Assignment ▸
In the entries below, print exactly the lines from the first through the one with "0) x (0, 1, 0)", both included, and none of the pictures.

Stored records
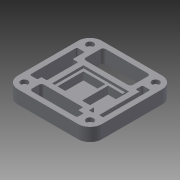
# Autodesk Inventor part: 16 pin holder
Saved by Autodesk Inventor 2015 (Build 190159000, 159)
## iProperties
Created: 2014-12-11
Part Number: 16 pin holder
Material: Generic
Document SubType Name: Modeling
Designer: Purple
Density: 1 g/cm^3
Appearance: Default
Author: Purple
Autodesk Inventor part; units mm, degrees
ref_plane "YZ Plane" through (0, 0, 0) normal (1, 0, 0) x (0, 1, 0)
ref_plane "XZ Plane" through (0, 0, 0) normal (0, 1, 0) x (-1, 0, 0)
sketch "Sketch1" plane through (0, 0, 0) normal (0, 1, 0) x (-1, 0, 0)
  line L0 (30, 30) -> (-30, 30)
  line L1 (-30, 30) -> (-30, -30)
  line L2 (-30, -30) -> (30, -30)
  line L3 (30, -30) -> (30, 30)
  line L4 (30, 30) -> (-30, -30) construction
  line L5 (-30, 30) -> (30, -30) construction
  point P0 (0, 0)
  dimension "d0" = 60
  dimension "d1" = 60
  constraints: 12 end point, 2 midpoint, 2 parallel, 1 horizontal, 1 perpendicular
  measures "d0" distance of L2.end L1.end
  measures "d1" distance of L0.end L1.end
extrude "Extrusion1" add sketch "Sketch1" along normal blind 10
fillet "Fillet1" radius 7 4 edges at (30, 5, 30) (30, 5, -30) (-30, 5, 30) (-30, 5, -30)
sketch "Sketch2" plane through (0, 10, 0) normal (0, 1, 0) x (1, 0, 0)
  line L0 (-30, 30) -> (30, 30)
  line L1 (30, 30) -> (30, -30)
  line L2 (30, -30) -> (-30, -30)
  line L3 (-30, -30) -> (-30, 30)
  line L4 (-30, 30) -> (30, -30) construction
  line L5 (30, 30) -> (-30, -30) construction
  line L6 (25, -25) -> (25, 25)
  line L7 (25, 25) -> (-25, 25)
  line L8 (-25, 25) -> (-25, -25)
  line L9 (-25, -25) -> (25, -25)
  circle A0 centre (25, -25) radius 2.75
  circle A1 centre (-25, -25) radius 2.75
  circle A2 centre (25, 25) radius 2.75
  circle A3 centre (-25, 25) radius 2.75
  point P0 (0, 0)
  dimension "d5" = 5
  dimension "d6" = 5.5
  dimension "d7" = 5.5
  dimension "d8" = 5.5
  dimension "d9" = 5.5
  constraints: 20 end point, 4 centre point, 4 coincident, 4 parallel, 2 midpoint, 2 perpendicular, 1 horizontal, 3 other
  measures "d5" distance between parallel lines of L1 L6
  measures "d6" diameter of A0
  measures "d7" diameter of A1
  measures "d8" diameter of A2
  measures "d9" diameter of A3
extrude "Extrusion2" cut sketch "Sketch2" against normal blind 3 contours L9 A0 L6 | L6 A0 L9 | A2 L7 L6 | L6 L7 A2 | A1 L8 L9 | L9 L8 A1 | A3 L8 L7 | L7 L8 A3
sketch "Sketch7" plane through (0, 10, 0) normal (0, 1, 0) x (1, 0, 0)
  line L0 (-23, 30) -> (23, 30)
  line L1 (30, 23) -> (30, -23)
  line L2 (23, -30) -> (-23, -30)
  line L3 (-30, -23) -> (-30, 23)
  line L4 (-30, 30) -> (30, -30) construction
  line L5 (30, 30) -> (-30, -30) construction
  arc A0 (-23, 30) -> (-30, 23) centre (-23, 23) ccw
  arc A1 (-30, -23) -> (-23, -30) centre (-23, -23) ccw
  arc A2 (23, -30) -> (30, -23) centre (23, -23) ccw
  arc A3 (30, 23) -> (23, 30) centre (23, 23) ccw
  line L6 (23, 32) -> (-23, 32)
  arc A4 (-23, 32) -> (-32, 23) centre (-23, 23) ccw
  line L7 (-32, 23) -> (-32, -23)
  arc A5 (-32, -23) -> (-23, -32) centre (-23, -23) ccw
  line L8 (-23, -32) -> (23, -32)
  arc A6 (23, -32) -> (32, -23) centre (23, -23) ccw
  line L9 (32, -23) -> (32, 23)
  arc A7 (32, 23) -> (23, 32) centre (23, 23) ccw
  point P0 (0, 0)
  dimension "d47" = 7
  dimension "d48" = 2
  constraints: 20 end point, 16 point on circle, 8 centre point, 8 point on line, 8 tangent, 4 parallel, 3 equal radius, 2 midpoint, 2 perpendicular, 1 horizontal, 7 other
  measures "d47" radius of A0
  measures "d48" distance between parallel lines of L0 L6
extrude "Extrusion6" add sketch "Sketch7" against normal blind 10
sketch "Sketch23" plane through (0, 10, 0) normal (0, 1, 0) x (1, 0, 0)
  line L0 (-25, 25) -> (25, 25)
  line L1 (25, 25) -> (25, -25)
  line L2 (25, -25) -> (-25, -25)
  line L3 (-25, -25) -> (-25, 25)
  line L4 (-25, 25) -> (25, -25) construction
  line L5 (25, 25) -> (-25, -25) construction
  line L6 (21, -21) -> (21, 21)
  line L7 (21, 21) -> (-21, 21)
  line L8 (-21, 21) -> (-21, -21)
  line L9 (-21, -21) -> (21, -21)
  line L10 (-13.8, -15) -> (-13.8, 8.8)
  line L11 (-13.8, 8.8) -> (21, 8.8)
  line L12 (-11.8, 6.8) -> (-11.8, -15)
  line L13 (18, 8.8) -> (18, 6.8)
  line L14 (-13.8, -15) -> (18, -15)
  line L15 (7, 3.1073) -> (7, -15)
  line L16 (7, 3.1073) -> (7, 6.8)
  line L17 (5, -15) -> (5, 3.1073)
  line L18 (5, 3.1073) -> (5, 6.8)
  line L19 (5, 6.8) -> (-11.8, 6.8)
  line L20 (18, -15) -> (18, -18.6)
  line L21 (18, -18.6) -> (21, -18.6)
  line L22 (18, 6.8) -> (7, 6.8)
  point P0 (0, 0)
  point P1 (21, -15)
  dimension "d215" = 50
  dimension "d216" = 50
  dimension "d217" = 4
  dimension "d218" = 6
  dimension "d220" = 34.8
  dimension "d221" = 23.8
  dimension "d224" = 3
  dimension "d225" = 14
  dimension "d226" = 2
  dimension "d227" = 3
  dimension "d228" = 3.6
  constraints: 46 end point, 7 point on line, 6 perpendicular, 5 parallel, 2 horizontal, 2 midpoint, 2 vertical, 3 other
  measures "d215" distance of L1.end L2.end
  measures "d216" distance of L0.end L1.end
  measures "d217" distance between parallel lines of L1 L6
  measures "d218" distance of point (21, -15) L6.start
  measures "d220" distance of point (21, -15) L10.start
  measures "d221" distance of L11.end point (21, -15)
  measures "d224" distance of L11.end L13.start
  measures "d225" distance from line of L15.start L6
  measures "d226" distance between parallel lines of L15 L17
  measures "d227" distance of L14.end point (21, -15)
  measures "d228" distance of L14.end L20.end
extrude "Extrusion21" cut sketch "Sketch23" against normal blind 2 contours L13 L22 L16 L15 L14 L17 L18 L19 L12 L10 L11
sketch "Sketch24" plane through (0, 10, 0) normal (0, 1, 0) x (1, 0, 0)
  line L0 (-11.8, 6.8) -> (5, 6.8)
  line L1 (5, 6.8) -> (5, -15)
  line L2 (5, -15) -> (-11.8, -15)
  line L3 (-11.8, -15) -> (-11.8, 6.8)
  point P0 (0, 0)
  constraints: 8 end point, 2 parallel, 1 horizontal, 1 perpendicular
extrude "Extrusion22" cut sketch "Sketch24" against normal blind 8
sketch "Sketch25" plane through (0, 10, 0) normal (0, 1, 0) x (1, 0, 0)
  line L0 (7, 6.8) -> (18, 6.8)
  line L1 (18, 6.8) -> (18, 8.8)
  line L2 (18, 8.8) -> (21, 8.8)
  line L3 (7, 6.8) -> (7, -15)
  line L4 (21, 8.8) -> (21, -15)
  line L5 (7, -15) -> (18, -15)
  line L6 (18, -15) -> (18, -18.8)
  line L7 (18, -18.8) -> (21, -18.8)
  line L8 (21, -18.8) -> (21, -15)
  point P0 (0, 0)
  point P1 (21, -17.8036)
  dimension "d233" = 3
  dimension "d234" = 3
  dimension "d235" = 3.8
  constraints: 18 end point, 3 horizontal, 3 perpendicular, 3 vertical
  measures "d233" distance of L2.end L1.end
  measures "d234" distance of L5.end L4.end
  measures "d235" distance of L5.end L6.end
extrude "Extrusion23" cut sketch "Sketch25" against normal blind 8
sketch "Sketch26" plane through (0, 10, 0) normal (0, 1, 0) x (1, 0, 0)
  line L0 (23, 32) -> (-23, 32) projected
  line L1 (-32, 23) -> (-32, -23) projected
  line L2 (32, -23) -> (32, 23) projected
  line L3 (-13.8, 8.8) -> (21, 8.8) projected
  line L4 (-18, 28) -> (-18, 12.8)
  line L5 (-18, 12.8) -> (18, 12.8)
  line L6 (18, 12.8) -> (18, 28)
  line L7 (18, 28) -> (-18, 28)
  line L8 (-23, -32) -> (23, -32) projected
  line L9 (21, 8.8) -> (21, -18.8) projected
  line L10 (28, 18) -> (28, -18)
  line L11 (28, -18) -> (25, -18)
  line L12 (25, -18) -> (25, 8.8)
  line L13 (25, 8.8) -> (25, 12.8)
  line L14 (25, 12.8) -> (22, 12.8)
  line L15 (22, 12.8) -> (22, 18)
  line L16 (22, 18) -> (28, 18)
  line L17 (21, -18.8) -> (18, -18.8) projected
  line L18 (18, -15) -> (-13.8, -15) projected
  line L19 (18, -28) -> (-18, -28)
  line L20 (-18, -28) -> (-18, -19)
  line L21 (-18, -19) -> (13.8369, -19)
  line L22 (13.8369, -19) -> (13.8369, -22.8)
  line L23 (13.8369, -22.8) -> (18, -22.8)
  line L24 (18, -22.8) -> (18, -28)
  line L25 (-13.8, -15) -> (-13.8, 8.8) projected
  line L26 (-28, 18) -> (-22, 18)
  line L27 (-22, 18) -> (-22, 8.8)
  line L28 (-22, 8.8) -> (-17.8, 8.8)
  line L29 (-17.8, 8.8) -> (-17.8, -15)
  line L30 (-17.8, -15) -> (-22, -15)
  line L31 (-22, -15) -> (-22, -18)
  line L32 (-22, -18) -> (-28, -18)
  line L33 (-28, -18) -> (-28, 18)
  point P0 (0, 0)
  dimension "d238" = 4
  dimension "d239" = 4
  dimension "d240" = 14
  dimension "d241" = 14
  dimension "d242" = 4
  dimension "d243" = 4
  dimension "d244" = 14
  dimension "d245" = 4
  dimension "d246" = 14
  dimension "d247" = 4
  dimension "d248" = 4
  dimension "d249" = 4
  dimension "d250" = 4
  dimension "d251" = 14
  dimension "d252" = 14
  dimension "d253" = 4
  dimension "d254" = 4
  dimension "d255" = 4
  dimension "d256" = 14
  dimension "d257" = 4
  dimension "d258" = 14
  dimension "d259" = 4
  dimension "d260" = 4
  constraints: 50 end point, 16 perpendicular, 2 horizontal, 1 parallel, 1 point on line, 1 vertical
  measures "d238" distance from line of L4.start L0
  measures "d239" distance from line of L6.end L0
  measures "d240" distance from line of L1 L4.start
  measures "d241" distance from line of L2 L6.end
  measures "d242" distance from line of L4.end L3
  measures "d243" distance from line of L2 L10.start
  measures "d244" distance from line of L0 L10.start
  measures "d245" distance from line of L2 L10.end
  measures "d246" distance from line of L8 L10.end
  measures "d247" distance from line of L15.end L6
  measures "d248" distance from line of L9 L12.end
  measures "d249" distance from line of L8 L19.start
  measures "d250" distance from line of L8 L19.end
  measures "d251" distance from line of L2 L19.start
  measures "d252" distance from line of L1 L19.end
  measures "d253" distance from line of L23.end L17
  measures "d254" distance from line of L21.end L18
  measures "d255" distance from line of L26.start L1
  measures "d256" distance from line of L26.start L0
  measures "d257" distance from line of L1 L32.end
  measures "d258" distance from line of L8 L32.end
  measures "d259" distance from line of L31.end L20
  measures "d260" distance from line of L29.end L25
extrude "Extrusion24" cut sketch "Sketch26" against normal through all
fillet "Fillet7" radius 0.5 13 edges at (-22, 5, -18) (-22, 5, -8.8) (-17.8, 5, -8.8) (-22, 5, 15) (-17.8, 5, 15) (-22, 5, 18) (22, 5, -12.8) (25, 5, -12.8) (28, 5, 18) (25, 5, 18) (13.8369, 5, 19) (13.8369, 5, 22.8) (18, 5, 22.8)
fillet "Fillet7" radius 1 5 edges at (22, 5, -18) (28, 5, -18) (-28, 5, -18) (-28, 5, 18) (18, 5, 28)
fillet "Fillet7" radius 2 6 edges at (-18, 5, -28) (18, 5, -28) (18, 5, -12.8) (-18, 5, -12.8) (-18, 5, 19) (-18, 5, 28)
ref_plane "Work Plane6" through (0, 5, 0) normal (0, 1, 0) x (1, 0, 0)
mirror "Mirror6" about plane through (0, 5, 0) normal (0, 1, 0) of "Extrusion2"
body "Solid1"

The answer ▸
# Autodesk Inventor part: 16 pin holder
Saved by Autodesk Inventor 2015 (Build 190159000, 159)
## iProperties
Created: 2014-12-11
Part Number: 16 pin holder
Material: Generic
Document SubType Name: Modeling
Designer: Purple
Density: 1 g/cm^3
Appearance: Default
Author: Purple
Autodesk Inventor part; units mm, degrees
ref_plane "YZ Plane" through (0, 0, 0) normal (1, 0, 0) x (0, 1, 0)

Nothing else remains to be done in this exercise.